▶ **Task instructions**
The reply must consist of the lines from the first line of the records through the line containing "Line((-37, -42.6659036208), (-37, -81.2102695022))", copied exactly, with every picture omitted.

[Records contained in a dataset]
........
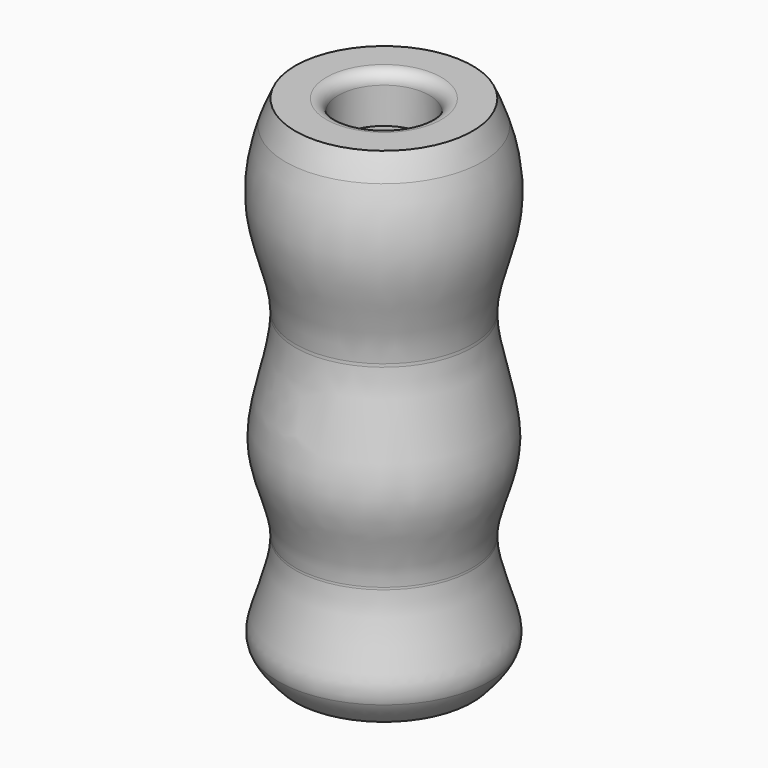
from build123d import *

# Parameters (mm, degrees)
F0_W = 5.975
F0_H = 10
F2_R = 4.99999
F3_R = 5


# Not quite as in the source:
# - a fillet or chamfer is up to 0.001 mm smaller than in the source, because OpenCascade refuses the exact size


with BuildPart() as f1:
    # F0 (on Front) → F1 (revolve)
    with BuildSketch(Plane.XZ):
        with BuildLine():
            Line((-31.025, 73.7897304978), (-26.025, 73.7897304978))
            Line((-26.025, 73.7897304978), (-26.025, 98.7897304978))
            Line((-26.025, 98.7897304978), (-19, 98.7897304978))
            Line((-19, 98.7897304978), (-19, 118.7897304978))
            Line((-19, 118.7897304978), (-37, 118.7897304978))
            Line((-37, 118.7897304978), (-37, 108.7897304978))
            Line((-37, 108.7897304978), (-41.0849433686, 108.7897304978))
            add(Edge.make_bspline(
                [(-41.0849433686, 108.7897304978), (-45.1725468115, 96.8054937838), (-47.4207058778, 72.2712183097), (-37.1834587857, 52.689037564), (-37, 40.4585758234)],
                knots=[0.0406718055, 0.0406718055, 0.0406718055, 0.0406718055, 0.1878766182, 0.3513528172, 0.3513528172, 0.3513528172, 0.3513528172], degree=3))
            add(Edge.make_bspline(
                [(-37, 40.4585758234), (-36.9936533209, 40.0354681691), (-36.9935338048, 39.6100548134), (-37, 39.182199225)],
                knots=[0.3513528172, 0.3513528172, 0.3513528172, 0.3513528172, 0.3570082072, 0.3570082072, 0.3570082072, 0.3570082072], degree=3))
            Line((-37, 39.182199225), (-37, -41.7443042648))
            add(Edge.make_bspline(
                [(-37, -41.7443042648), (-36.9955207148, -42.05056935), (-36.9955908911, -42.357808797), (-37, -42.6659036208)],
                knots=[0.7164749618, 0.7164749618, 0.7164749618, 0.7164749618, 0.7208378699, 0.7208378699, 0.7208378699, 0.7208378699], degree=3))
            Line((-37, -42.6659036208), (-37, -81.2102695022))
            Line((-37, -81.2102695022), (-31.025, -81.2102695022))
            Line((-31.025, -81.2102695022), (-31.025, -74.6120512486))
            Line((-31.025, -74.6120512486), (-31.025, 73.7897304978))
        make_face()
        with Locations((-34.0125, -86.2102695022)):
            Rectangle(F0_W, F0_H)
        with BuildLine():
            Line((-37, 108.7897304978), (-37, 118.7897304978))
            add(Edge.make_bspline(
                [(-37, 118.7897304978), (-38.5954580496, 115.4395246778), (-39.9555630892, 112.1009031194), (-41.0849433686, 108.7897304978)],
                knots=[0, 0, 0, 0, 0.0406718055, 0.0406718055, 0.0406718055, 0.0406718055], degree=3))
            Line((-41.0849433686, 108.7897304978), (-37, 108.7897304978))
        make_face()
        with BuildLine():
            Line((-44.2141639133, -81.2102695022), (-37, -81.2102695022))
            Line((-37, -81.2102695022), (-37, -42.6659036208))
            add(Edge.make_bspline(
                [(-37, -42.6659036208), (-37.1579517608, -53.7030816804), (-45.0079078812, -70.3382328063), (-45.133027455, -78.7563351769), (-44.2141639133, -81.2102695022)],
                knots=[0.7208378699, 0.7208378699, 0.7208378699, 0.7208378699, 0.8771345363, 0.9350969036, 0.9350969036, 0.9350969036, 0.9350969036], degree=3))
        make_face()
        with BuildLine():
            Line((-37, -91.2102695022), (-37, -81.2102695022))
            Line((-37, -81.2102695022), (-44.2141639133, -81.2102695022))
            add(Edge.make_bspline(
                [(-44.2141639133, -81.2102695022), (-43.1852706536, -83.9580512704), (-40.9618393029, -86.9272963181), (-37, -91.2102695022)],
                knots=[0.9350969036, 0.9350969036, 0.9350969036, 0.9350969036, 1, 1, 1, 1], degree=3))
        make_face()
        with BuildLine():
            Line((-37, -41.7443042648), (-37, -42.6659036208))
            add(Edge.make_bspline(
                [(-37, -41.7443042648), (-36.9955207148, -42.05056935), (-36.9955908911, -42.357808797), (-37, -42.6659036208)],
                knots=[0.7164749618, 0.7164749618, 0.7164749618, 0.7164749618, 0.7208378699, 0.7208378699, 0.7208378699, 0.7208378699], degree=3))
        make_face()
        with BuildLine():
            add(Edge.make_bspline(
                [(-37, 40.4585758234), (-36.9936533209, 40.0354681691), (-36.9935338048, 39.6100548134), (-37, 39.182199225)],
                knots=[0.3513528172, 0.3513528172, 0.3513528172, 0.3513528172, 0.3570082072, 0.3570082072, 0.3570082072, 0.3570082072], degree=3))
            Line((-37, 40.4585758234), (-37, 39.182199225))
        make_face()
        with BuildLine():
            add(Edge.make_bspline(
                [(-37, 39.182199225), (-37.2201394503, 24.6159989291), (-51.882227124, -7.864116597), (-37.1713836413, -30.0261788456), (-37, -41.7443042648)],
                knots=[0.3570082072, 0.3570082072, 0.3570082072, 0.3570082072, 0.5495440671, 0.7164749618, 0.7164749618, 0.7164749618, 0.7164749618], degree=3))
            Line((-37, -41.7443042648), (-37, 39.182199225))
        make_face()
    revolve(axis=Axis((0, 0, -7.4881389737), (0, 0, -1)))

    # F2 (radius 5 in the source; OpenCascade refuses exactly that, so slightly less here)
    f2_edges = [f1.edges().sort_by_distance(p)[0] for p in [
        (26.025, 0, 73.78973),
    ]]
    fillet(f2_edges, radius=F2_R)

    # F3
    f3_edges = [f1.edges().sort_by_distance(p)[0] for p in [
        (19, 0, 118.78973),
        (31.025, 0, -91.21027),
    ]]
    fillet(f3_edges, radius=F3_R)


with BuildPart() as f4_1:
    # F4: copy of F1
    add(f1.part)


solid = Compound([f1.part, f4_1.part])
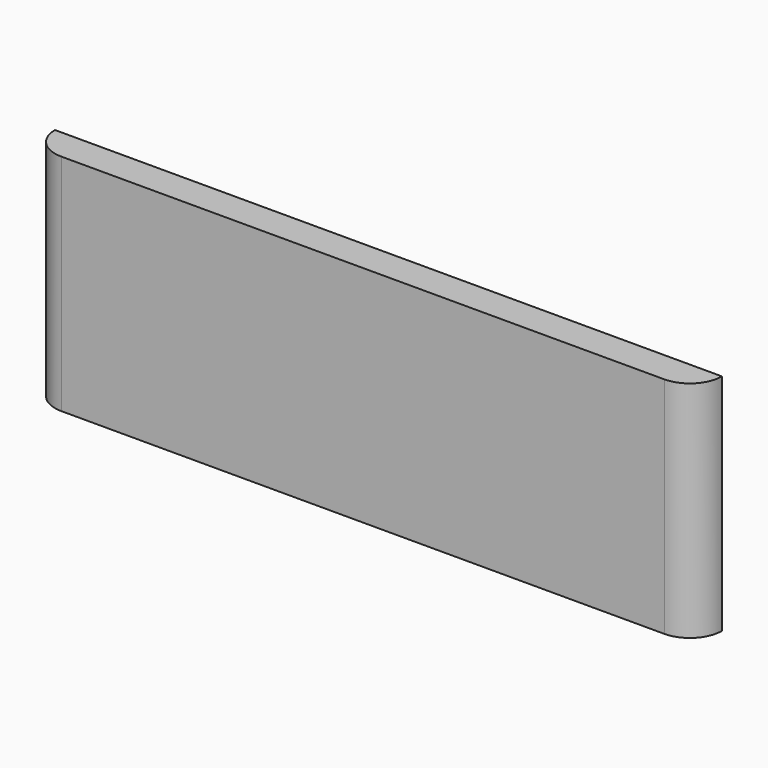
from build123d import *

# Parameters (mm, degrees)
F0_W     = 396.875
F0_H     = 133.35
F1_DEPTH = 19.05
F2_R     = 19.04999


# Not quite as in the source:
# - a fillet or chamfer is up to 0.001 mm smaller than in the source, because OpenCascade refuses the exact size


with BuildPart() as f1:
    # F0 (on Front) → F1 (new body)
    with BuildSketch(Plane.XZ):
        Rectangle(F0_W, F0_H)
    extrude(amount=F1_DEPTH)

    # F2 (radius 19.05 in the source; OpenCascade refuses exactly that, so slightly less here)
    f2_edges = [f1.edges().sort_by_distance(p)[0] for p in [
        (-198.4375, -19.05, 0),
        (198.4375, -19.05, 0),
    ]]
    fillet(f2_edges, radius=F2_R)


solid = f1.part
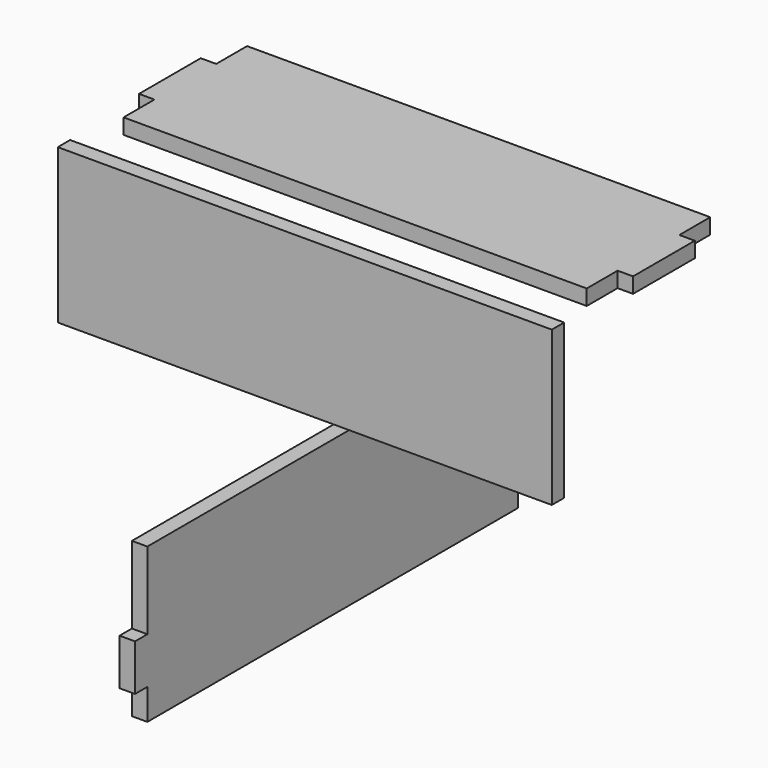
from build123d import *

# Parameters (mm, degrees)
F0_W     = 320
F0_H     = 100
F1_DEPTH = 10
F2_W     = 10
F2_H     = 50
F3_DEPTH = 10
F5_DEPTH = 10


# Not quite as in the source:
# - a feature names something its author has since deleted; it is built from what else it names


with BuildPart() as f1:
    # F0 (on Front) → F1 (new body)
    with BuildSketch(Plane.XZ):
        Rectangle(F0_W, F0_H)
    extrude(amount=F1_DEPTH)


with BuildPart() as f3:
    # F2 (on Top) → F3 (new body)
    with BuildSketch(Plane.XY):
        Polygon((-202.3773396015, 96.2469950318), (97.6226603985, 96.2469950318), (97.6226603985, 121.2469950318), (97.6226603985, 171.2469950318), (97.6226603985, 196.2469950318), (-202.3773396015, 196.2469950318), (-202.3773396015, 171.2469950318), (-202.3773396015, 121.2469950318), align=None)
        with Locations((-207.3773396015, 146.2469950318)):
            Rectangle(F2_W, F2_H)
        with Locations((102.6226603985, 146.2469950318)):
            Rectangle(F2_W, F2_H)
    extrude(amount=F3_DEPTH)


with BuildPart() as f5:
    # F4 (on Right) → F5 (new body)
    with BuildSketch(Plane.YZ):
        Polygon((-149.9543616176, -165.5762195587), (150.0456550453, -165.5762195587), (150.1001544525, -145.3023395036), (160.0456383824, -145.2841836565), (160.0456383824, -115.2841341545), (150.0456550453, -115.3023894922), (149.9546114852, -65.5762195587), (-149.9543616176, -65.5762195587), (-149.9543616176, -115.5762195587), (-159.9543616176, -115.5762195587), (-159.9543616176, -145.5762195587), (-149.9543616176, -145.5762195587), align=None)
    extrude(amount=F5_DEPTH)


solid = Compound([f1.part, f3.part, f5.part])
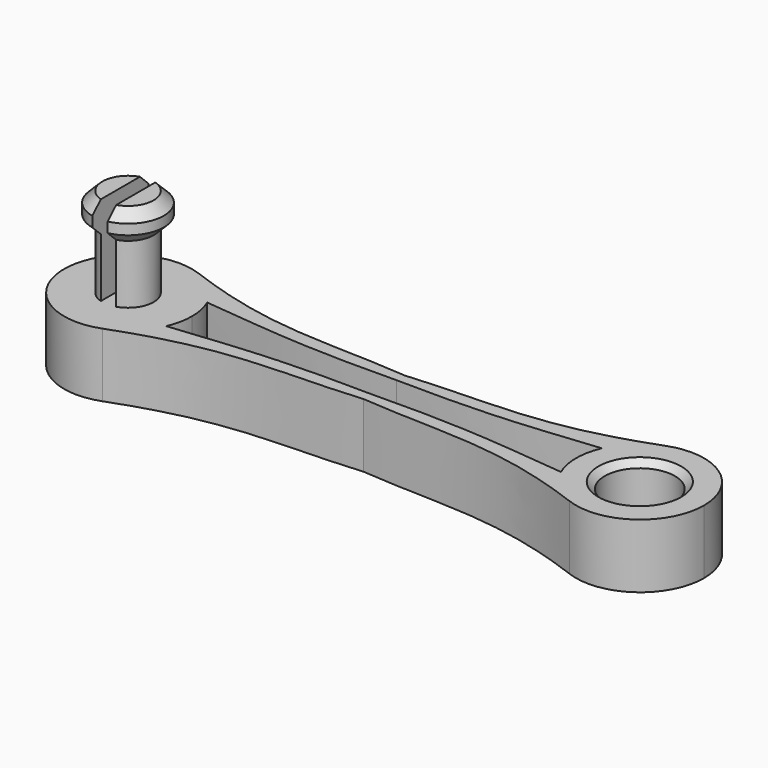
from build123d import *

# Parameters (mm, degrees)
F2_DEPTH = 6.35
F1_W     = 1.778
F1_H     = 3.048
F1_H_2   = 5.842
F1_W_2   = 0.762
F5_DEPTH = 12.7
F6_DEPTH = 2.54


# Not quite as in the source:
# - a feature names something its author has since deleted; it is built from what else it names


with BuildPart() as f2:
    # F0 (on Top) → F2 (new body)
    with BuildSketch(Plane.XY):
        with BuildLine():
            ThreePointArc((-19.5801208863, -2.5399817128), (-19.1839428746, -1.2973564714), (-19.05, 0))
            ThreePointArc((-19.05, 0), (-19.1839428746, 1.2973564714), (-19.5801208863, 2.5399817128))
            ThreePointArc((-19.5801208863, 2.5399817128), (-21.0323461368, 4.6093491657), (-23.1768579109, 5.9481206487))
            ThreePointArc((-23.1768579109, 5.9481206487), (-31.75, 0), (-23.1768579109, -5.9481206487))
            ThreePointArc((-23.1768579109, -5.9481206487), (-21.0323461368, -4.6093491657), (-19.5801208863, -2.5399817128))
        make_face()
        with BuildLine():
            ThreePointArc((-23.1768579109, 5.9481206487), (-21.0323461368, 4.6093491657), (-19.5801208863, 2.5399817128))
            add(Edge.make_bspline(
                [(0, 1.524), (-9.0764431036, 1.3546369813), (-12.8672626316, 1.8652065321), (-19.5801208863, 2.5399817128)],
                knots=[0, 0, 0, 0, 19.6064620154, 19.6064620154, 19.6064620154, 19.6064620154], degree=3))
            add(Edge.make_bspline(
                [(0, 1.524), (9.0764431036, 1.3546369813), (12.8672626316, 1.8652065321), (19.5801208863, 2.5399817128)],
                knots=[0, 0, 0, 0, 19.6064620154, 19.6064620154, 19.6064620154, 19.6064620154], degree=3))
            ThreePointArc((19.5801208863, 2.5399817128), (21.0323461368, 4.6093491657), (23.1768579109, 5.9481206487))
            add(Edge.make_bspline(
                [(0, 2.54), (8.1250406802, 3.246476237), (13.1090918084, 2.1852389104), (23.1768579109, 5.9481206487)],
                knots=[0, 0, 0, 0, 23.4260971776, 23.4260971776, 23.4260971776, 23.4260971776], degree=3))
            add(Edge.make_bspline(
                [(0, 2.54), (-8.1250406802, 3.246476237), (-13.1090918084, 2.1852389104), (-23.1768579109, 5.9481206487)],
                knots=[0, 0, 0, 0, 23.4260971776, 23.4260971776, 23.4260971776, 23.4260971776], degree=3))
        make_face()
        with BuildLine():
            add(Edge.make_bspline(
                [(0, -1.524), (-9.0764431036, -1.3546369813), (-12.8672626316, -1.8652065321), (-19.5801208863, -2.5399817128)],
                knots=[0, 0, 0, 0, 19.6064620154, 19.6064620154, 19.6064620154, 19.6064620154], degree=3))
            ThreePointArc((-19.5801208863, -2.5399817128), (-21.0323461368, -4.6093491657), (-23.1768579109, -5.9481206487))
            add(Edge.make_bspline(
                [(0, -2.54), (-8.1250406802, -3.246476237), (-13.1090918084, -2.1852389104), (-23.1768579109, -5.9481206487)],
                knots=[0, 0, 0, 0, 23.4260971776, 23.4260971776, 23.4260971776, 23.4260971776], degree=3))
            add(Edge.make_bspline(
                [(0, -2.54), (8.1250406802, -3.246476237), (13.1090918084, -2.1852389104), (23.1768579109, -5.9481206487)],
                knots=[0, 0, 0, 0, 23.4260971776, 23.4260971776, 23.4260971776, 23.4260971776], degree=3))
            ThreePointArc((23.1768579109, -5.9481206487), (21.0323461368, -4.6093491657), (19.5801208863, -2.5399817128))
            add(Edge.make_bspline(
                [(0, -1.524), (9.0764431036, -1.3546369813), (12.8672626316, -1.8652065321), (19.5801208863, -2.5399817128)],
                knots=[0, 0, 0, 0, 19.6064620154, 19.6064620154, 19.6064620154, 19.6064620154], degree=3))
        make_face()
        with BuildLine():
            ThreePointArc((23.1768579109, 5.9481206487), (21.0323461368, 4.6093491657), (19.5801208863, 2.5399817128))
            ThreePointArc((19.5801208863, 2.5399817128), (19.05, 0), (19.5801208863, -2.5399817128))
            ThreePointArc((19.5801208863, -2.5399817128), (21.0323461368, -4.6093491657), (23.1768579109, -5.9481206487))
            ThreePointArc((23.1768579109, -5.9481206487), (29.019775389, -5.2172527381), (31.75, 0))
            ThreePointArc((31.75, 0), (29.019775389, 5.2172527381), (23.1768579109, 5.9481206487))
        make_face()
    extrude(amount=F2_DEPTH)

    # F1 (on Front) → F3 (revolve, cut)
    with BuildSketch(Plane.XZ):
        Polygon((25.376161883, 6.35), (25.376161883, 0), (29.490961883, 0), (28.855961883, 0.635), (28.855961883, 5.715), (29.490961883, 6.35), align=None)
    revolve(axis=Axis((25.376161883, 0, 3.175), (0, 0, 1)), mode=Mode.SUBTRACT)

    # F1 (on Front) → F4 (revolve)
    with BuildSketch(Plane.XZ):
        Polygon((-22.86, 15.24), (-22.86, 12.192), (-21.844, 13.208), (-21.844, 14.224), align=None)
        with Locations((-23.749, 13.716)):
            Rectangle(F1_W, F1_H)
        with Locations((-27.051, 13.716)):
            Rectangle(F1_W, F1_H)
        Polygon((-28.956, 13.208), (-27.94, 12.192), (-27.94, 15.24), (-28.956, 14.224), align=None)
        with Locations((-27.051, 9.271)):
            Rectangle(F1_W, F1_H_2)
        with Locations((-23.749, 9.271)):
            Rectangle(F1_W, F1_H_2)
    revolve(axis=Axis((-25.4, 0, 10.795), (0, 0, 1)))

    # F1 (on Front) → F5 (cut, symmetric)
    with BuildSketch(Plane.XZ):
        with Locations((-25.019, 13.716)):
            Rectangle(F1_W_2, F1_H)
        with Locations((-25.781, 13.716)):
            Rectangle(F1_W_2, F1_H)
        with Locations((-25.019, 9.271)):
            Rectangle(F1_W_2, F1_H_2)
        with Locations((-25.781, 9.271)):
            Rectangle(F1_W_2, F1_H_2)
    extrude(amount=F5_DEPTH, both=True, mode=Mode.SUBTRACT)

    # F0 (on Top) → F6 (join)
    with BuildSketch(Plane.XY):
        with BuildLine():
            ThreePointArc((-19.5801208863, 2.5399817128), (-19.1839428746, 1.2973564714), (-19.05, 0))
            ThreePointArc((-19.05, 0), (-19.1839428746, -1.2973564714), (-19.5801208863, -2.5399817128))
            add(Edge.make_bspline(
                [(0, -1.524), (-9.0764431036, -1.3546369813), (-12.8672626316, -1.8652065321), (-19.5801208863, -2.5399817128)],
                knots=[0, 0, 0, 0, 19.6064620154, 19.6064620154, 19.6064620154, 19.6064620154], degree=3))
            add(Edge.make_bspline(
                [(0, -1.524), (9.0764431036, -1.3546369813), (12.8672626316, -1.8652065321), (19.5801208863, -2.5399817128)],
                knots=[0, 0, 0, 0, 19.6064620154, 19.6064620154, 19.6064620154, 19.6064620154], degree=3))
            ThreePointArc((19.5801208863, -2.5399817128), (19.05, 0), (19.5801208863, 2.5399817128))
            add(Edge.make_bspline(
                [(0, 1.524), (9.0764431036, 1.3546369813), (12.8672626316, 1.8652065321), (19.5801208863, 2.5399817128)],
                knots=[0, 0, 0, 0, 19.6064620154, 19.6064620154, 19.6064620154, 19.6064620154], degree=3))
            add(Edge.make_bspline(
                [(0, 1.524), (-9.0764431036, 1.3546369813), (-12.8672626316, 1.8652065321), (-19.5801208863, 2.5399817128)],
                knots=[0, 0, 0, 0, 19.6064620154, 19.6064620154, 19.6064620154, 19.6064620154], degree=3))
        make_face()
    extrude(amount=F6_DEPTH)


solid = f2.part
........
▶ **Written reply**
from build123d import *

# Parameters (mm, degrees)
F0_W = 5.975
F0_H = 10
F2_R = 4.99999
F3_R = 5


# Not quite as in the source:
# - a fillet or chamfer is up to 0.001 mm smaller than in the source, because OpenCascade refuses the exact size


with BuildPart() as f1:
    # F0 (on Front) → F1 (revolve)
    with BuildSketch(Plane.XZ):
        with BuildLine():
            Line((-31.025, 73.7897304978), (-26.025, 73.7897304978))
            Line((-26.025, 73.7897304978), (-26.025, 98.7897304978))
            Line((-26.025, 98.7897304978), (-19, 98.7897304978))
            Line((-19, 98.7897304978), (-19, 118.7897304978))
            Line((-19, 118.7897304978), (-37, 118.7897304978))
            Line((-37, 118.7897304978), (-37, 108.7897304978))
            Line((-37, 108.7897304978), (-41.0849433686, 108.7897304978))
            add(Edge.make_bspline(
                [(-41.0849433686, 108.7897304978), (-45.1725468115, 96.8054937838), (-47.4207058778, 72.2712183097), (-37.1834587857, 52.689037564), (-37, 40.4585758234)],
                knots=[0.0406718055, 0.0406718055, 0.0406718055, 0.0406718055, 0.1878766182, 0.3513528172, 0.3513528172, 0.3513528172, 0.3513528172], degree=3))
            add(Edge.make_bspline(
                [(-37, 40.4585758234), (-36.9936533209, 40.0354681691), (-36.9935338048, 39.6100548134), (-37, 39.182199225)],
                knots=[0.3513528172, 0.3513528172, 0.3513528172, 0.3513528172, 0.3570082072, 0.3570082072, 0.3570082072, 0.3570082072], degree=3))
            Line((-37, 39.182199225), (-37, -41.7443042648))
            add(Edge.make_bspline(
                [(-37, -41.7443042648), (-36.9955207148, -42.05056935), (-36.9955908911, -42.357808797), (-37, -42.6659036208)],
                knots=[0.7164749618, 0.7164749618, 0.7164749618, 0.7164749618, 0.7208378699, 0.7208378699, 0.7208378699, 0.7208378699], degree=3))
            Line((-37, -42.6659036208), (-37, -81.2102695022))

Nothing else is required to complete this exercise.